**Exercise objective**:
Which lines of the entries hold the string "ByBlock"? Copy each one.

Data excerpts
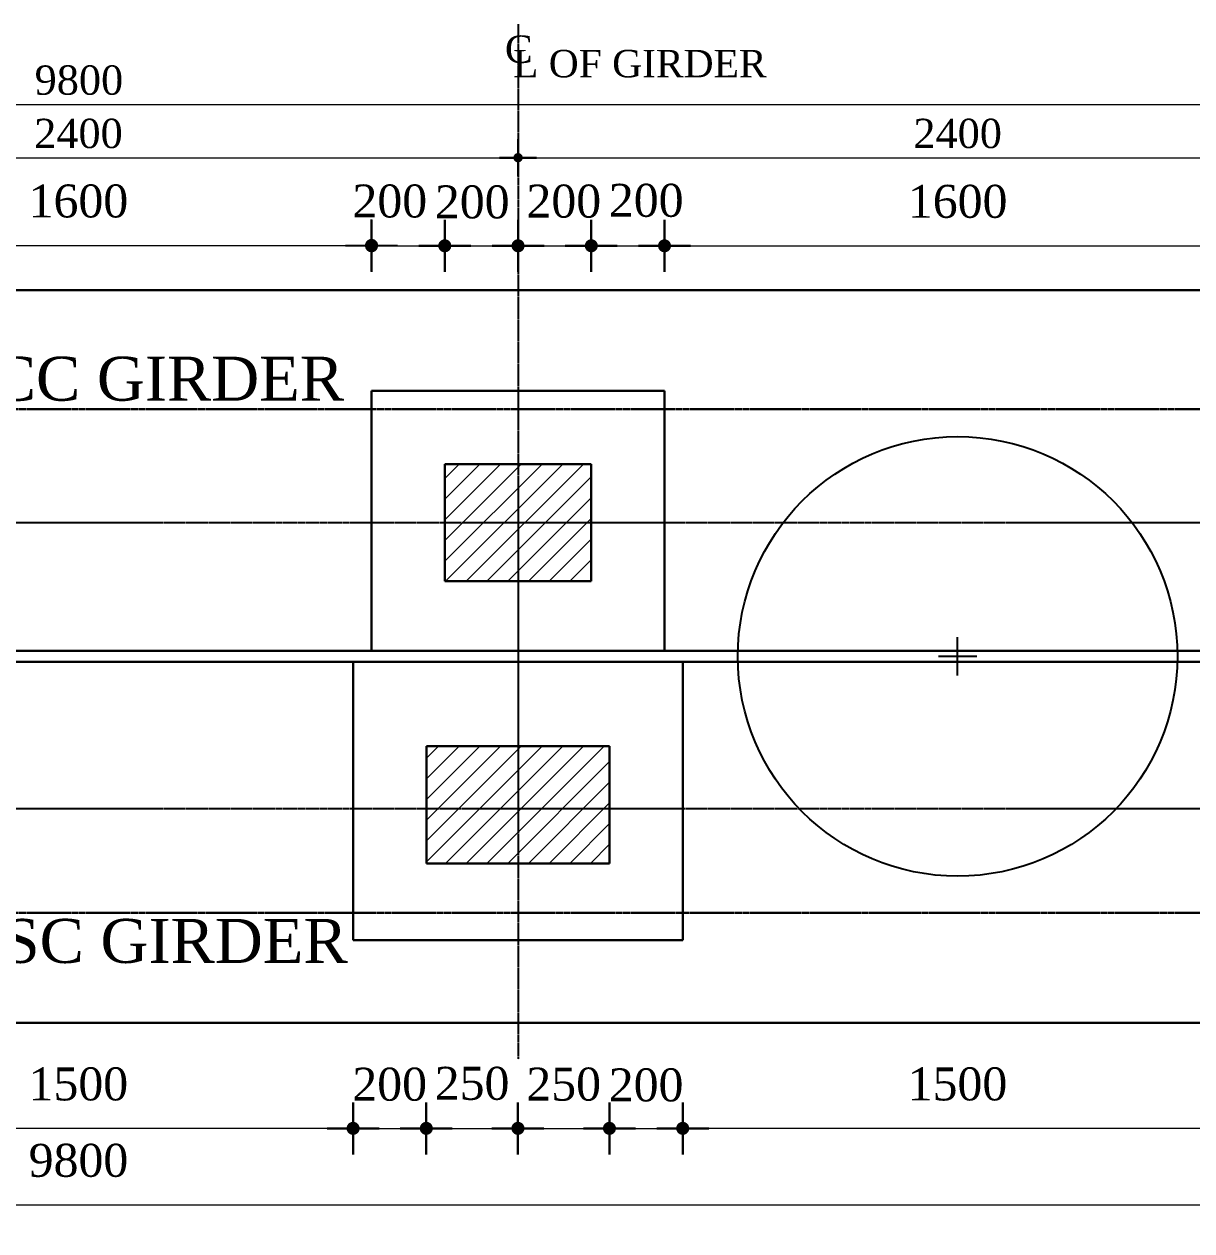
# Model space of a CAD drawing. Header units: millimetres. Extents: x -29779 to 80452, y -13100 to 39577.
# Drawn here: x 6574 to 9761, y 5240 to 8534 of the extents above; entities that cross this region are included whole.
import ezdxf

# ---------------------------------------------------------------- set-up
doc = ezdxf.new("R2010")
doc.units = ezdxf.units.MM
doc.header["$LTSCALE"] = 3
doc.linetypes.add('CENTER', pattern=[50.8, 31.75, -6.35, 6.35, -6.35])
doc.linetypes.add('HIDDEN', pattern=[9.525, 6.35, -3.175])
for name, color, linetype in [('Center Line', 34, 'Continuous'), ('dim', 4, 'Continuous'), ('Pile', 11, 'Continuous'), ('Text', 7, 'Continuous')]:
    doc.layers.add(name, color=color, linetype=linetype)
for name, color, linetype, lineweight in [('Dimision', 4, 'Continuous', 13), ('hatch', 253, 'Continuous', 13), ('Pire Line', 11, 'Continuous', 30)]:
    doc.layers.add(name, color=color, linetype=linetype, lineweight=lineweight)
doc.styles.get("Standard").update_dxf_attribs({"font": 'times.ttf'})
doc.dimstyles.new('Copy of ISO-90', dxfattribs={"dimtxt": 90, "dimasz": 0.7, "dimexe": 1, "dimexo": 60, "dimgap": 75, "dimtad": 1, "dimdec": 0, "dimlfac": -1, "dimzin": 1, "dimdsep": 46, "dimtxsty": 'Standard', "dimblk": 'DIM', "dimcen": 60, "dimclrd": 256, "dimclre": 256, "dimclrt": 256, "dimadec": 0, "dimazin": 0, "dimtfac": 1, "dimtdec": 0, "dimtix": 1, "dimtofl": 0, "dimtmove": 0, "dimatfit": 3, "dimldrblk": 'DOT', "dimfxl": 60, "dimfxlon": 1, "dimtolj": 1, "dimlwd": -1, "dimarcsym": 0})

# ---------------------------------------------------------------- blocks, each defined once
blk = doc.blocks.new('DIM')
at = {"layer": 'dim'}
for p, q in [((0, -101.4), (0, 101.4)), ((-101.4, 0), (101.4, 0))]:
    blk.add_line(p, q, dxfattribs=at)
at = {"layer": 'dim', "const_width": 25.4}
blk.add_lwpolyline([(-12.7, 0, 1), (12.7, 0, 1)], format="xyb", close=True, dxfattribs=at)
blk = doc.blocks.new('*D493')
at = {"layer": 'Defpoints', "color": 0, "linetype": 'Continuous', "ltscale": 0.1, "transparency": 16777216}
for p in [(1822, 5808.4), (11622, 5334.4), (11622, 5311.2)]:
    blk.add_point(p, dxfattribs=at)
at = {"layer": 'Dimision', "lineweight": -2, "ltscale": 0.1, "transparency": 16777216}
for p, q in [((1822, 5312.4), (1822, 5310.2)), ((11622, 5311.2), (11622, 5310.2))]:
    blk.add_line(p, q, dxfattribs=at)
at = {"layer": 'Dimision', "ltscale": 0.1, "transparency": 16777216}
blk.add_line((1822.7, 5311.2), (11621.3, 5311.2), dxfattribs=at)
at = {"layer": 'Dimision', "linetype": 'Continuous', "ltscale": 0.1, "transparency": 16777216, "xscale": 0.7, "yscale": 0.7, "zscale": 0.7, "rotation": 180}
blk.add_blockref('DIM', (1822, 5311.2), dxfattribs=at)
at = {"layer": 'Dimision', "linetype": 'Continuous', "ltscale": 0.1, "transparency": 16777216, "xscale": 0.7, "yscale": 0.7, "zscale": 0.7}
blk.add_blockref('DIM', (11622, 5311.2), dxfattribs=at)
at = {"layer": 'Dimision', "linetype": 'Continuous', "ltscale": 0.1, "transparency": 16777216, "insert": (6722, 5432.1), "char_height": 90, "attachment_point": 5}
blk.add_mtext('\\A1;9800', dxfattribs=at)
blk = doc.blocks.new('_Dot')
at = {"color": 0, "linetype": 'ByBlock', "lineweight": -2}
blk.add_line((-0.5, 0), (-1, 0), dxfattribs=at)
at = {"color": 0, "linetype": 'ByBlock', "const_width": 0.5}
blk.add_lwpolyline([(-0.25, 0, 1), (0.25, 0, 1)], format="xyb", close=True, dxfattribs=at)
blk = doc.blocks.new('*D502')
at = {"layer": 'Defpoints', "color": 0, "linetype": 'Continuous', "ltscale": 0.1, "transparency": 16777216}
for p in [(11623.2, 8315.1), (1823.2, 7977.3), (11623.2, 7977.3)]:
    blk.add_point(p, dxfattribs=at)
at = {"layer": 'Dimision', "linetype": 'Continuous', "lineweight": -2, "ltscale": 0.1, "transparency": 16777216}
for p, q in [((1823.2, 8270.1), (1823.2, 8316.1)), ((11623.2, 8270.1), (11623.2, 8316.1))]:
    blk.add_line(p, q, dxfattribs=at)
at = {"layer": 'Dimision', "linetype": 'Continuous', "ltscale": 0.1, "transparency": 16777216}
blk.add_line((1823.7, 8315.1), (11622.7, 8315.1), dxfattribs=at)
at = {"layer": 'Dimision', "linetype": 'Continuous', "ltscale": 0.1, "transparency": 16777216, "xscale": 0.5, "yscale": 0.5, "zscale": 0.5, "rotation": 180}
blk.add_blockref('DIM', (1823.2, 8315.1), dxfattribs=at)
at = {"layer": 'Dimision', "linetype": 'Continuous', "ltscale": 0.1, "transparency": 16777216, "xscale": 0.5, "yscale": 0.5, "zscale": 0.5}
blk.add_blockref('DIM', (11623.2, 8315.1), dxfattribs=at)
at = {"layer": 'Dimision', "linetype": 'Continuous', "ltscale": 0.1, "transparency": 16777216, "insert": (6723.2, 8380.9), "char_height": 80, "attachment_point": 5}
blk.add_mtext('\\A1;9800', dxfattribs=at)
blk = doc.blocks.new('*D505')
at = {"layer": 'Defpoints', "color": 0, "linetype": 'Continuous', "ltscale": 0.1, "transparency": 16777216}
for p in [(7922, 8169.6), (7922, 7808.4), (5522, 7799.9)]:
    blk.add_point(p, dxfattribs=at)
at = {"layer": 'Dimision', "linetype": 'Continuous', "lineweight": -2, "ltscale": 0.1, "transparency": 16777216}
for p, q in [((5522, 8124.6), (5522, 8170.6)), ((7922, 8124.6), (7922, 8170.6))]:
    blk.add_line(p, q, dxfattribs=at)
at = {"layer": 'Dimision', "linetype": 'Continuous', "ltscale": 0.1, "transparency": 16777216}
blk.add_line((5522.5, 8169.6), (7921.5, 8169.6), dxfattribs=at)
at = {"layer": 'Dimision', "linetype": 'Continuous', "ltscale": 0.1, "transparency": 16777216, "xscale": 0.5, "yscale": 0.5, "zscale": 0.5, "rotation": 180}
blk.add_blockref('DIM', (5522, 8169.6), dxfattribs=at)
at = {"layer": 'Dimision', "linetype": 'Continuous', "ltscale": 0.1, "transparency": 16777216, "xscale": 0.5, "yscale": 0.5, "zscale": 0.5}
blk.add_blockref('DIM', (7922, 8169.6), dxfattribs=at)
at = {"layer": 'Dimision', "linetype": 'Continuous', "ltscale": 0.1, "transparency": 16777216, "insert": (6722, 8235.3), "char_height": 80, "attachment_point": 5}
blk.add_mtext('\\A1;2400', dxfattribs=at)
blk = doc.blocks.new('*D506')
at = {"layer": 'Defpoints', "color": 0, "linetype": 'Continuous', "ltscale": 0.1, "transparency": 16777216}
for p in [(10322.1, 8169.6), (7922, 7808.4), (10322.1, 7808.4)]:
    blk.add_point(p, dxfattribs=at)
at = {"layer": 'Dimision', "linetype": 'Continuous', "lineweight": -2, "ltscale": 0.1, "transparency": 16777216}
for p, q in [((7922, 8124.6), (7922, 8170.6)), ((10322.1, 8124.6), (10322.1, 8170.6))]:
    blk.add_line(p, q, dxfattribs=at)
at = {"layer": 'Dimision', "linetype": 'Continuous', "ltscale": 0.1, "transparency": 16777216}
blk.add_line((7922.5, 8169.6), (10321.6, 8169.6), dxfattribs=at)
at = {"layer": 'Dimision', "linetype": 'Continuous', "ltscale": 0.1, "transparency": 16777216, "xscale": 0.5, "yscale": 0.5, "zscale": 0.5, "rotation": 180}
blk.add_blockref('DIM', (7922, 8169.6), dxfattribs=at)
at = {"layer": 'Dimision', "linetype": 'Continuous', "ltscale": 0.1, "transparency": 16777216, "xscale": 0.5, "yscale": 0.5, "zscale": 0.5}
blk.add_blockref('DIM', (10322.1, 8169.6), dxfattribs=at)
at = {"layer": 'Dimision', "linetype": 'Continuous', "ltscale": 0.1, "transparency": 16777216, "insert": (9122, 8235.3), "char_height": 80, "attachment_point": 5}
blk.add_mtext('\\A1;2400', dxfattribs=at)
blk = doc.blocks.new('*D509')
at = {"layer": 'Defpoints', "color": 0, "linetype": 'Continuous', "ltscale": 0.1, "transparency": 16777216}
for p in [(7522, 7930.1), (5921.8, 7533.4), (7522, 7533.4)]:
    blk.add_point(p, dxfattribs=at)
at = {"layer": 'Dimision', "lineweight": -2, "ltscale": 0.1, "transparency": 16777216}
for p, q in [((5921.8, 7928.8), (5921.8, 7931.1)), ((7522, 7928.8), (7522, 7931.1))]:
    blk.add_line(p, q, dxfattribs=at)
at = {"layer": 'Dimision', "ltscale": 0.1, "transparency": 16777216}
blk.add_line((5922.5, 7930.1), (7521.3, 7930.1), dxfattribs=at)
at = {"layer": 'Dimision', "linetype": 'Continuous', "ltscale": 0.1, "transparency": 16777216, "xscale": 0.7, "yscale": 0.7, "zscale": 0.7, "rotation": 180}
blk.add_blockref('DIM', (5921.8, 7930.1), dxfattribs=at)
at = {"layer": 'Dimision', "linetype": 'Continuous', "ltscale": 0.1, "transparency": 16777216, "xscale": 0.7, "yscale": 0.7, "zscale": 0.7}
blk.add_blockref('DIM', (7522, 7930.1), dxfattribs=at)
at = {"layer": 'Dimision', "linetype": 'Continuous', "ltscale": 0.1, "transparency": 16777216, "insert": (6721.9, 8050.8), "char_height": 90, "attachment_point": 5}
blk.add_mtext('\\A1;1600', dxfattribs=at)
blk = doc.blocks.new('*D510')
at = {"layer": 'Defpoints', "color": 0, "linetype": 'Continuous', "ltscale": 0.1, "transparency": 16777216}
for p in [(9922.2, 7929.1), (8321.8, 7533.4), (9922.2, 7533.4)]:
    blk.add_point(p, dxfattribs=at)
at = {"layer": 'Dimision', "lineweight": -2, "ltscale": 0.1, "transparency": 16777216}
for p, q in [((8321.8, 7927.8), (8321.8, 7930.1)), ((9922.2, 7927.8), (9922.2, 7930.1))]:
    blk.add_line(p, q, dxfattribs=at)
at = {"layer": 'Dimision', "ltscale": 0.1, "transparency": 16777216}
blk.add_line((8322.5, 7929.1), (9921.5, 7929.1), dxfattribs=at)
at = {"layer": 'Dimision', "linetype": 'Continuous', "ltscale": 0.1, "transparency": 16777216, "xscale": 0.7, "yscale": 0.7, "zscale": 0.7, "rotation": 180}
blk.add_blockref('DIM', (8321.8, 7929.1), dxfattribs=at)
at = {"layer": 'Dimision', "linetype": 'Continuous', "ltscale": 0.1, "transparency": 16777216, "xscale": 0.7, "yscale": 0.7, "zscale": 0.7}
blk.add_blockref('DIM', (9922.2, 7929.1), dxfattribs=at)
at = {"layer": 'Dimision', "linetype": 'Continuous', "ltscale": 0.1, "transparency": 16777216, "insert": (9122, 8049.8), "char_height": 90, "attachment_point": 5}
blk.add_mtext('\\A1;1600', dxfattribs=at)
blk = doc.blocks.new('*D520')
at = {"layer": 'Defpoints', "color": 0, "linetype": 'Continuous', "ltscale": 0.1, "transparency": 16777216}
for p in [(5971.6, 6033.4), (7471.8, 6033.4), (5971.6, 5520)]:
    blk.add_point(p, dxfattribs=at)
at = {"layer": 'Dimision', "lineweight": -2, "ltscale": 0.1, "transparency": 16777216}
for p, q in [((5971.6, 5521.2), (5971.6, 5519)), ((7471.8, 5521.2), (7471.8, 5519))]:
    blk.add_line(p, q, dxfattribs=at)
at = {"layer": 'Dimision', "ltscale": 0.1, "transparency": 16777216}
blk.add_line((7471.1, 5520), (5972.3, 5520), dxfattribs=at)
at = {"layer": 'Dimision', "linetype": 'Continuous', "ltscale": 0.1, "transparency": 16777216, "xscale": 0.7, "yscale": 0.7, "zscale": 0.7, "rotation": 180}
blk.add_blockref('DIM', (5971.6, 5520), dxfattribs=at)
at = {"layer": 'Dimision', "linetype": 'Continuous', "ltscale": 0.1, "transparency": 16777216, "xscale": 0.7, "yscale": 0.7, "zscale": 0.7}
blk.add_blockref('DIM', (7471.8, 5520), dxfattribs=at)
at = {"layer": 'Dimision', "linetype": 'Continuous', "ltscale": 0.1, "transparency": 16777216, "insert": (6721.7, 5640.7), "char_height": 90, "attachment_point": 5}
blk.add_mtext('\\A1;1500', dxfattribs=at)
blk = doc.blocks.new('*D530')
at = {"layer": 'Defpoints', "color": 0, "linetype": 'Continuous', "ltscale": 0.1, "transparency": 16777216}
for p in [(8371.4, 6033.4), (9871.6, 6033.4), (8371.4, 5520)]:
    blk.add_point(p, dxfattribs=at)
at = {"layer": 'Dimision', "lineweight": -2, "ltscale": 0.1, "transparency": 16777216}
for p, q in [((8371.4, 5521.2), (8371.4, 5519)), ((9871.6, 5521.2), (9871.6, 5519))]:
    blk.add_line(p, q, dxfattribs=at)
at = {"layer": 'Dimision', "ltscale": 0.1, "transparency": 16777216}
blk.add_line((9870.9, 5520), (8372.1, 5520), dxfattribs=at)
at = {"layer": 'Dimision', "linetype": 'Continuous', "ltscale": 0.1, "transparency": 16777216, "xscale": 0.7, "yscale": 0.7, "zscale": 0.7, "rotation": 180}
blk.add_blockref('DIM', (8371.4, 5520), dxfattribs=at)
at = {"layer": 'Dimision', "linetype": 'Continuous', "ltscale": 0.1, "transparency": 16777216, "xscale": 0.7, "yscale": 0.7, "zscale": 0.7}
blk.add_blockref('DIM', (9871.6, 5520), dxfattribs=at)
at = {"layer": 'Dimision', "linetype": 'Continuous', "ltscale": 0.1, "transparency": 16777216, "insert": (9121.5, 5640.7), "char_height": 90, "attachment_point": 5}
blk.add_mtext('\\A1;1500', dxfattribs=at)
blk = doc.blocks.new('*D521')
at = {"layer": 'Defpoints', "color": 0, "linetype": 'Continuous', "ltscale": 0.1, "transparency": 16777216}
for p in [(7671.5, 6233.4), (7471.6, 5808.4), (7671.5, 5520)]:
    blk.add_point(p, dxfattribs=at)
at = {"layer": 'Dimision', "lineweight": -2, "ltscale": 0.1, "transparency": 16777216}
for p, q in [((7471.6, 5521.2), (7471.6, 5519)), ((7671.5, 5521.2), (7671.5, 5519))]:
    blk.add_line(p, q, dxfattribs=at)
at = {"layer": 'Dimision', "ltscale": 0.1, "transparency": 16777216}
blk.add_line((7472.3, 5520), (7670.8, 5520), dxfattribs=at)
at = {"layer": 'Dimision', "linetype": 'Continuous', "ltscale": 0.1, "transparency": 16777216, "xscale": 0.7, "yscale": 0.7, "zscale": 0.7, "rotation": 180}
blk.add_blockref('DIM', (7471.6, 5520), dxfattribs=at)
at = {"layer": 'Dimision', "linetype": 'Continuous', "ltscale": 0.1, "transparency": 16777216, "xscale": 0.7, "yscale": 0.7, "zscale": 0.7}
blk.add_blockref('DIM', (7671.5, 5520), dxfattribs=at)
at = {"layer": 'Dimision', "linetype": 'Continuous', "ltscale": 0.1, "transparency": 16777216, "insert": (7571.5, 5639.9), "char_height": 90, "attachment_point": 5}
blk.add_mtext('\\A1;200', dxfattribs=at)
blk = doc.blocks.new('*D522')
at = {"layer": 'Defpoints', "color": 0, "linetype": 'Continuous', "ltscale": 0.1, "transparency": 16777216}
for p in [(7671.5, 6233.4), (7921.6, 5808.4), (7921.6, 5520)]:
    blk.add_point(p, dxfattribs=at)
at = {"layer": 'Dimision', "lineweight": -2, "ltscale": 0.1, "transparency": 16777216}
for p, q in [((7671.5, 5521.2), (7671.5, 5519)), ((7921.6, 5521.2), (7921.6, 5519))]:
    blk.add_line(p, q, dxfattribs=at)
at = {"layer": 'Dimision', "ltscale": 0.1, "transparency": 16777216}
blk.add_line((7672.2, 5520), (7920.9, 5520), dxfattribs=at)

**Your solution**:
at = {"color": 0, "linetype": 'ByBlock', "lineweight": -2}
at = {"color": 0, "linetype": 'ByBlock', "const_width": 0.5}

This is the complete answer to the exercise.